Learn how to think beyond traditional sources of financial support to fund cultural resource projects with the National Preservation Institute’s new training curriculum “Finding New Sources of Funding in Challenging Times: An Introduction.” This free 45-minute on-demand eLearning course helps cultural workers learn how to 1) evaluate a cultural resource project for its value in serving broader community needs; 2) review traditional funding types vs. alternative sources that can be redirected to meet project goals; and 3) consider new partnerships that can expand the universe of support.
In the new American Association of Colleges and Universities report “The Effects of Community-Based Engagement in Higher Education: What We Know and Questions that Remain,” the authors focus on the effects of various forms of community-based and civic engagement in higher education, identifying positive outcomes across six broad areas: increased personal and social responsibility; development of positive mindsets and dispositions; improved graduation and retention rates; learning gains; improved intellectual and practical skills; and increased career-related skills.
PLATFORM is an open digital venue for exchanging new ideas about working with, researching, teaching, and writing about buildings, spaces, and landscapes. As a public humanities venue committed to exploring urgent topics, PLATFORM has published Back To School 2022, a public humanities guide that showcases teachable articles they have previously published on pedagogy, social justice and equity, and creative solutions to precarity.
"Care During Pandemic Times: Digital Ethnography with Mental Health Professionals in Equatorial Guinea" is a new article by Carolina Nve Diaz San Francisco that proposes opportunities for the discipline of public anthropology to aid in times of crisis, using a case study of her scholarship on care work during the Covid-19 pandemic.
“Universities claim to value community-engaged scholarship: So why do they discourage it?” is a new article by Marissa Bell and Neil Lewis Jr. in Public Understanding of Science exploring the barriers to doing publicly engaged research for scholars in science communication and science and technology studies. Barriers listed are similar to those experienced by many higher ed-based public humanists, including tenure and promotion requirements and lack of recognition and resources.
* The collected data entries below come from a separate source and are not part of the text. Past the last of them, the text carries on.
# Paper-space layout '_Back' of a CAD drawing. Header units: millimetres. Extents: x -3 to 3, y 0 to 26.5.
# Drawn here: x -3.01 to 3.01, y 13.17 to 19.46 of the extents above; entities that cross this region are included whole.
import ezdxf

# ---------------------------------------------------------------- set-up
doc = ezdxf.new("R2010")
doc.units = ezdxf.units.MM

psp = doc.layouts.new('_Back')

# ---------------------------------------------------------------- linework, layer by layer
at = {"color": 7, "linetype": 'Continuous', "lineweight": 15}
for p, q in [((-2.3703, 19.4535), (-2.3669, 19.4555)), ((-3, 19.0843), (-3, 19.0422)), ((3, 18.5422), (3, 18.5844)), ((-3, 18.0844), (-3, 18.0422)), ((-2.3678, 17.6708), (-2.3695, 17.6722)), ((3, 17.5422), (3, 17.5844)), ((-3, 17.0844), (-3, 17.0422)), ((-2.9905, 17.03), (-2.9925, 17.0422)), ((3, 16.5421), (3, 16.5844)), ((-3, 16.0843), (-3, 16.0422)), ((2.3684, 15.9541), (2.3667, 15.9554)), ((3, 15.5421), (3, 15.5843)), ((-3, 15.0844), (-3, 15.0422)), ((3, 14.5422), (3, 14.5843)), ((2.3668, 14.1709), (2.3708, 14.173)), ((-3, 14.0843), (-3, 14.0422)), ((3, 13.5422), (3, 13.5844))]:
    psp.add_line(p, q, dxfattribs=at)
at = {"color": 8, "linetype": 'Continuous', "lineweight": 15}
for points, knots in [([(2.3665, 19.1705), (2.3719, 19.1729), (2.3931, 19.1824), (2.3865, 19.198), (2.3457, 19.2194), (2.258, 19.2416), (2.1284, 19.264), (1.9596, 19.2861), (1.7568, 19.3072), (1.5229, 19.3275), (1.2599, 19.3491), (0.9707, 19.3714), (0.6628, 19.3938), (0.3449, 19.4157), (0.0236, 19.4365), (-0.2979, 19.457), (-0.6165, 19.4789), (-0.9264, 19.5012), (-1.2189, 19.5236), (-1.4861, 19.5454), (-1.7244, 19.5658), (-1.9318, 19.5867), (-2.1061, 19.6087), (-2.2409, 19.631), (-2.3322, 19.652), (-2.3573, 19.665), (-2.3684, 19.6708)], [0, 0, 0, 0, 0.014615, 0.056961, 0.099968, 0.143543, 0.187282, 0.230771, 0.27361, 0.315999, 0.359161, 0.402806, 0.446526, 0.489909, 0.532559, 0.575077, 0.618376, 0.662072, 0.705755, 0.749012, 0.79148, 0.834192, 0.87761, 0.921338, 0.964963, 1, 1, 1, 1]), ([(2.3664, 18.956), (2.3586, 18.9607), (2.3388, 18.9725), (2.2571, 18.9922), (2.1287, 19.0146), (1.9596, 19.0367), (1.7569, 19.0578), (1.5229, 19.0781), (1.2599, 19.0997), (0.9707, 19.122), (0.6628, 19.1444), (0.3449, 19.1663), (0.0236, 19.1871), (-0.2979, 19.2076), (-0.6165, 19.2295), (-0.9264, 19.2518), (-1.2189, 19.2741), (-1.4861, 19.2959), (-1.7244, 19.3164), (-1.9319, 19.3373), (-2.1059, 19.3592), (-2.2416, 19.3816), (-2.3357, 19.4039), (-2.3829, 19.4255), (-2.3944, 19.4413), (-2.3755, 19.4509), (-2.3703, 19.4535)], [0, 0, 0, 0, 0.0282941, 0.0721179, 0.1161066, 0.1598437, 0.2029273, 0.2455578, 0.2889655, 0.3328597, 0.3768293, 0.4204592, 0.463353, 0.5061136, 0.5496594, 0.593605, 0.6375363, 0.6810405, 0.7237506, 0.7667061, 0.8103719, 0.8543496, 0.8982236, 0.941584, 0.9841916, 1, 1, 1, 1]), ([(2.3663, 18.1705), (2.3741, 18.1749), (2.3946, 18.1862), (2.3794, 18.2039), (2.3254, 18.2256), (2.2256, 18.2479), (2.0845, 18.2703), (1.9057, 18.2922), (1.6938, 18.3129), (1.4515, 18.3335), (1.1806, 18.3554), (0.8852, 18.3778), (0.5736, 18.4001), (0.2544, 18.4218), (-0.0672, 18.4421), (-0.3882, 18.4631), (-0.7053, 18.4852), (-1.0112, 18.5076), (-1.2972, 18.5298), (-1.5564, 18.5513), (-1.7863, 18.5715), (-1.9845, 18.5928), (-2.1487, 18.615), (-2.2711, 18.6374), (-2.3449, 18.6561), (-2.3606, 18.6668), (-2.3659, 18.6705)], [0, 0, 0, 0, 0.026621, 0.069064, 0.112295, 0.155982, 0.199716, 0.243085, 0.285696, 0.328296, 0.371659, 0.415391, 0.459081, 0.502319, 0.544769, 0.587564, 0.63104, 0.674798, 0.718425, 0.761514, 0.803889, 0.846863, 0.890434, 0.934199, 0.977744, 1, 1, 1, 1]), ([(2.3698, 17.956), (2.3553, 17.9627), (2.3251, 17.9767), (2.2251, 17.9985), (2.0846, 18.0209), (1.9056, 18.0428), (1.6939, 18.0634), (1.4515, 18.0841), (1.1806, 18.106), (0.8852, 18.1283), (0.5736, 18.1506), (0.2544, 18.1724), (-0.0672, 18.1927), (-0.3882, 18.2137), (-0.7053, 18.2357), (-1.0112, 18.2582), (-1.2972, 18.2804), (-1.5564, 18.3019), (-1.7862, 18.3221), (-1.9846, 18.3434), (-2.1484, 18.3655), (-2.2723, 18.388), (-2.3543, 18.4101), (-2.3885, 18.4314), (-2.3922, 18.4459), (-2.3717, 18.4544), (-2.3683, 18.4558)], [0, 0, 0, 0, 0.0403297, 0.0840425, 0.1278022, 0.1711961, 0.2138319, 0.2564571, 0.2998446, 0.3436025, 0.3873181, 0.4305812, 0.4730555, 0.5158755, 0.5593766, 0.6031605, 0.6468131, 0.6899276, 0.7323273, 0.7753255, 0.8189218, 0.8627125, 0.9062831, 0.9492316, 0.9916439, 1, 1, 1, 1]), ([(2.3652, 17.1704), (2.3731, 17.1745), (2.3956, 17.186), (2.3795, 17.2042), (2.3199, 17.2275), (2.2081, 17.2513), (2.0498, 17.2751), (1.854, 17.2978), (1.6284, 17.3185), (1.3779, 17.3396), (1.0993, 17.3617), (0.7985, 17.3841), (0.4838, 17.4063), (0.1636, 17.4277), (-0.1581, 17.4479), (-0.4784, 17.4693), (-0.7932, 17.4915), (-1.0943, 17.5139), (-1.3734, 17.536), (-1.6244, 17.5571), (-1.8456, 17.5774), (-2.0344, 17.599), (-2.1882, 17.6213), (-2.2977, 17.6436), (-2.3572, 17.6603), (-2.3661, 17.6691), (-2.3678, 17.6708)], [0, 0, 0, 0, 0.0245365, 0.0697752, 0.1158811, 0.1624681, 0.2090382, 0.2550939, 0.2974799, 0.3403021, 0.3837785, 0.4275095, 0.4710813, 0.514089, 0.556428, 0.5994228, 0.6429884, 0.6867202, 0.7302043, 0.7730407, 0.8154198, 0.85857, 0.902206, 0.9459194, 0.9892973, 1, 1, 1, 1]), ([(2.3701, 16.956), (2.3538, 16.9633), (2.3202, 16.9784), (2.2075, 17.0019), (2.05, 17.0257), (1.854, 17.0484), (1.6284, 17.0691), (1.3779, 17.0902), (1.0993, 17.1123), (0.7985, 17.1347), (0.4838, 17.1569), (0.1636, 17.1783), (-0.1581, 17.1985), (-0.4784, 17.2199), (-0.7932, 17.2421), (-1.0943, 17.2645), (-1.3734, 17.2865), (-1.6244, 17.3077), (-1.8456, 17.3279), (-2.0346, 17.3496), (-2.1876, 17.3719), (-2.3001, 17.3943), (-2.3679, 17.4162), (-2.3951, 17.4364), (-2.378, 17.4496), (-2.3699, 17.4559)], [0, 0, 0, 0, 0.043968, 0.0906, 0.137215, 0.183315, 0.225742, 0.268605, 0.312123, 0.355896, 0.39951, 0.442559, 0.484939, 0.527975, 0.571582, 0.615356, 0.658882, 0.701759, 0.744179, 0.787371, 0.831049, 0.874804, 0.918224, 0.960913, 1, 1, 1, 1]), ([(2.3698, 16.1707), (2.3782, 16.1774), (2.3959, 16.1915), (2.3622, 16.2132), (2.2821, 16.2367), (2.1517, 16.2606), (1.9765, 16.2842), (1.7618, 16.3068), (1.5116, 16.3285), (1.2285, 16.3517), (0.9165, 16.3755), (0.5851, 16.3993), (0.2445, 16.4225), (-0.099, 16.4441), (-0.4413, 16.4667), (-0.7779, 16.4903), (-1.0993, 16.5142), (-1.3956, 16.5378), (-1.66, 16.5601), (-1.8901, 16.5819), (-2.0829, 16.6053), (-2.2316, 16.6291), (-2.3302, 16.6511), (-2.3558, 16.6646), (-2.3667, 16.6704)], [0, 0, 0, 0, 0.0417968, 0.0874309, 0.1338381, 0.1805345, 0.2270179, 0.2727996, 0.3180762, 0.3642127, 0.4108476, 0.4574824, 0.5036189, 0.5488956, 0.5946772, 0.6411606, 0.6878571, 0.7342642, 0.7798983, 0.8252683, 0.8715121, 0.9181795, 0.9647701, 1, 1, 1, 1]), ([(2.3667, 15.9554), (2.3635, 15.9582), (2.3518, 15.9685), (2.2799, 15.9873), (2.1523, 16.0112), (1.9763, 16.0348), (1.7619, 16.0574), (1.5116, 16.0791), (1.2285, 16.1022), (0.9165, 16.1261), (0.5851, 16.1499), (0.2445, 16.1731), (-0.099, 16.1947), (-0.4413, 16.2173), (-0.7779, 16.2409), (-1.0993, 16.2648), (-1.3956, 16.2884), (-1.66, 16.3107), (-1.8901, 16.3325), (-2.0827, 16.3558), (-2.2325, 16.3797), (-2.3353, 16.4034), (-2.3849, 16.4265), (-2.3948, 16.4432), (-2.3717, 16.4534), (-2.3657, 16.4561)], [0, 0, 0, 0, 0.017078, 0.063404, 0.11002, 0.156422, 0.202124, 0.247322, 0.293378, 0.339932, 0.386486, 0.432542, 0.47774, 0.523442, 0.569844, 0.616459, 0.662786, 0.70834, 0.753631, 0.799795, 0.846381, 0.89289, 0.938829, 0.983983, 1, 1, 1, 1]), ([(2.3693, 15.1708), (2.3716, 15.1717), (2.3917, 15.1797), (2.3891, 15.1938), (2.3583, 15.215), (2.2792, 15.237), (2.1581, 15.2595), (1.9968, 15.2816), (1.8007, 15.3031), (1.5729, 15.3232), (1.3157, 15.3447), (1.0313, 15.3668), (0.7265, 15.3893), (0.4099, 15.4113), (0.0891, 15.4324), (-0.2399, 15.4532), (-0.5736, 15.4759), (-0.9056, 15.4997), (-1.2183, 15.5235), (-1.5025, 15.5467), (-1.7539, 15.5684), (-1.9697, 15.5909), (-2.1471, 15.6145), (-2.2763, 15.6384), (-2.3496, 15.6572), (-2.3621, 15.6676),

Digital History and the Politics of Digitization is a new article by Gerben Zaagsma in Digital Scholarship in the Humanities that proposes a framework through which to contextualize the politics of (digital) heritage preservation and a model to analyze its most important political dimensions, drawing upon literature from the digital humanities and history as well as archival, library, and information science.
How to Have a Conversation is a new podcast hosted by Georgetown Engaged and Public Humanities Masters student María José Pareja Rozo exploring how artists and humanities professionals use innovative approaches and create safe spaces to help people engage in meaningful conversations. Each episode showcases the voices of the leaders and participants of one public conversation initiative and demonstrates how the arts and humanities have a unique power to bring people together, inspire curiosity and understanding, and create meaning.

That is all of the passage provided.